In previous DESY research, the piezo sensor inside the cryomodule measured the microphonics. However, in the current approach, an external accelerometer is mounted on the cryomodule to measure the microphonics. Due to the uncorrelation between the measured microphonics by the external accelerometer and the microphonics inside the cryomodule, an advanced algorithm becomes imperative in this proposed methodology.

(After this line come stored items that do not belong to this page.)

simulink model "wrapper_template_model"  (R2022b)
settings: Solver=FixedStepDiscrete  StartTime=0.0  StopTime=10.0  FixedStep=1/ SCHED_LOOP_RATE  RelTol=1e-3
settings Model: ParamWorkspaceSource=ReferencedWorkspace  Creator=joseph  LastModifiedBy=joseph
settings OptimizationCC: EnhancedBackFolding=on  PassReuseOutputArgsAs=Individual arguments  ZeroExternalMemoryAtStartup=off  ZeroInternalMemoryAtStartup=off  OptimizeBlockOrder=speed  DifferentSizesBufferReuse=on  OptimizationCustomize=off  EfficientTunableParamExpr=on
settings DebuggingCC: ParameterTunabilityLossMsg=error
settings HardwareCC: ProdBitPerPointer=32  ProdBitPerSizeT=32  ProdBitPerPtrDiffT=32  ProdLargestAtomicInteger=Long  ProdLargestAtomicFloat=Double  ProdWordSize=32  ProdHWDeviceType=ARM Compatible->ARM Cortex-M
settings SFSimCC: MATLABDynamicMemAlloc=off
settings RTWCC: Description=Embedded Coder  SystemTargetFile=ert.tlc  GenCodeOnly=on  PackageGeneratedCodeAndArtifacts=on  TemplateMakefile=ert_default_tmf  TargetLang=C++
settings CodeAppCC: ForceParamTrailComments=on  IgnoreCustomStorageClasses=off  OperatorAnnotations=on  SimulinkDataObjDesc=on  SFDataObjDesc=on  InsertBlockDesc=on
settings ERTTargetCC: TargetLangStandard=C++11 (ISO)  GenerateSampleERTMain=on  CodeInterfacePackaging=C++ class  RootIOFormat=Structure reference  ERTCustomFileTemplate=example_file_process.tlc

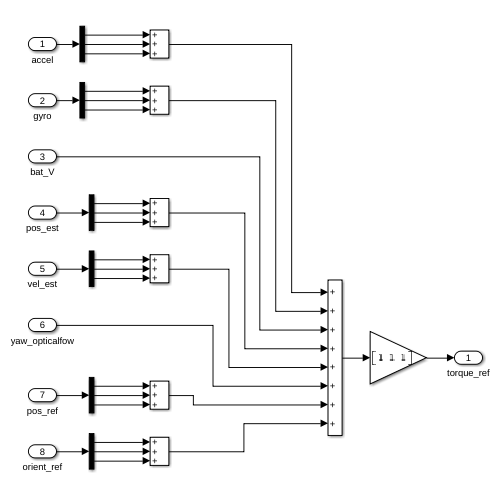
[thumbnail: Simulink's stored preview of the top-level diagram]
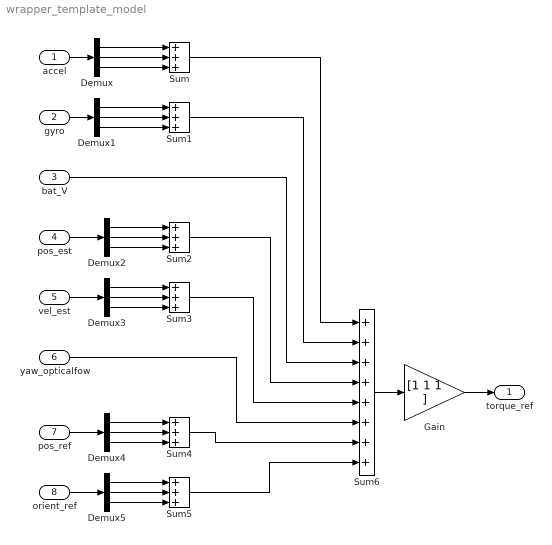
== system wrapper_template_model ==
  accel : Inport  OutDataTypeStr=single
  gyro : Inport  Port=2  OutDataTypeStr=single
  bat_V : Inport  Port=3  OutDataTypeStr=single
  pos_est : Inport  Port=4  OutDataTypeStr=single
  vel_est : Inport  Port=5  OutDataTypeStr=single
  yaw_opticalfow : Inport  Port=6  OutDataTypeStr=single
  pos_ref : Inport  Port=7  OutDataTypeStr=single
  orient_ref : Inport  Port=8  OutDataTypeStr=single
  Demux{,1..5} (6 alike) : Demux  Outputs=3
  Gain : Gain  Gain=[1 1 1 ]
  Sum{,1..5} (6 alike) : Sum  Inputs=+++
  Sum6 : Sum  Inputs=++++++++
  torque_ref : Outport  OutDataTypeStr=single
  wires:
  accel/1 -> Demux/1
  gyro/1 -> Demux1/1
  bat_V/1 -> Sum6/3
  Demux/1 -> Sum/1
  Demux/2 -> Sum/2
  Demux/3 -> Sum/3
  Demux1/1 -> Sum1/1
  Demux1/2 -> Sum1/2
  Demux1/3 -> Sum1/3
  Demux2/3 -> Sum2/3
  Demux2/2 -> Sum2/2
  Demux2/1 -> Sum2/1
  pos_est/1 -> Demux2/1
  vel_est/1 -> Demux3/1
  Demux3/1 -> Sum3/1
  Demux3/2 -> Sum3/2
  Demux3/3 -> Sum3/3
  yaw_opticalfow/1 -> Sum6/6
  Demux5/3 -> Sum5/3
  Demux5/2 -> Sum5/2
  Demux5/1 -> Sum5/1
  orient_ref/1 -> Demux5/1
  pos_ref/1 -> Demux4/1
  Demux4/1 -> Sum4/1
  Demux4/2 -> Sum4/2
  Demux4/3 -> Sum4/3
  Sum6/1 -> Gain/1
  Sum5/1 -> Sum6/8
  Sum4/1 -> Sum6/7
  Sum3/1 -> Sum6/5
  Sum2/1 -> Sum6/4
  Sum1/1 -> Sum6/2
  Sum/1 -> Sum6/1
  Gain/1 -> torque_ref/1

However, it is important to note a limitation of the implemented method, which involves the use of a single accelerometer. This constraint arises due to the necessity of transferring data from RJ45 to DRTM-VM2. Consequently, the implementation requires four inputs and outputs for transmitting an SPI protocol. Despite this limitation, the overall efficiency and precision achieved by the proposed algorithm underscore its potential for advancing the field of microphone compensation.

8. Conclusions

The microphonics changes on the cryomodule restrict the performance of the PI controller at the LLRF system. Therefore, the proposed NANC method is implemented based on the presented VSS LMS algorithm to compensate for the microphonics effects on the cryomodule. Some advantages of the proposed method are:

• There is no need to identify the transfer function of the cryomodule and plant.
• Low computational complexity.
• High tracking ability.

The proposed method identified three frequencies of the microphonics with the highest amplitude. In principle, the adaptive filter coefficients of the NANC method are adjusted during the operation of the system by an iterative optimization method. The presented method is implemented on the MicroTCA boards (DAMC-TCK7 and DRTM-VM2 cards) and permits control of the microphonics changes in CW mode. A microelectromechanical systems (MEMS) accelerometer is mounted on several locations of the cryomodule at CMTB, and the optimal location is on the pipe near the cavity input for measuring the microphonic (mechanical) vibration. The component implementation is integrated into the LLRF controller module to compensate for the measured microphonics changes. In the next step of the project, the microphonic module will be extended in piezo feedback in the DESY firmware and receive the probe phase and forward phase as the inputs of the microphonics module to identify the filter coefficients based on the microphonics changes.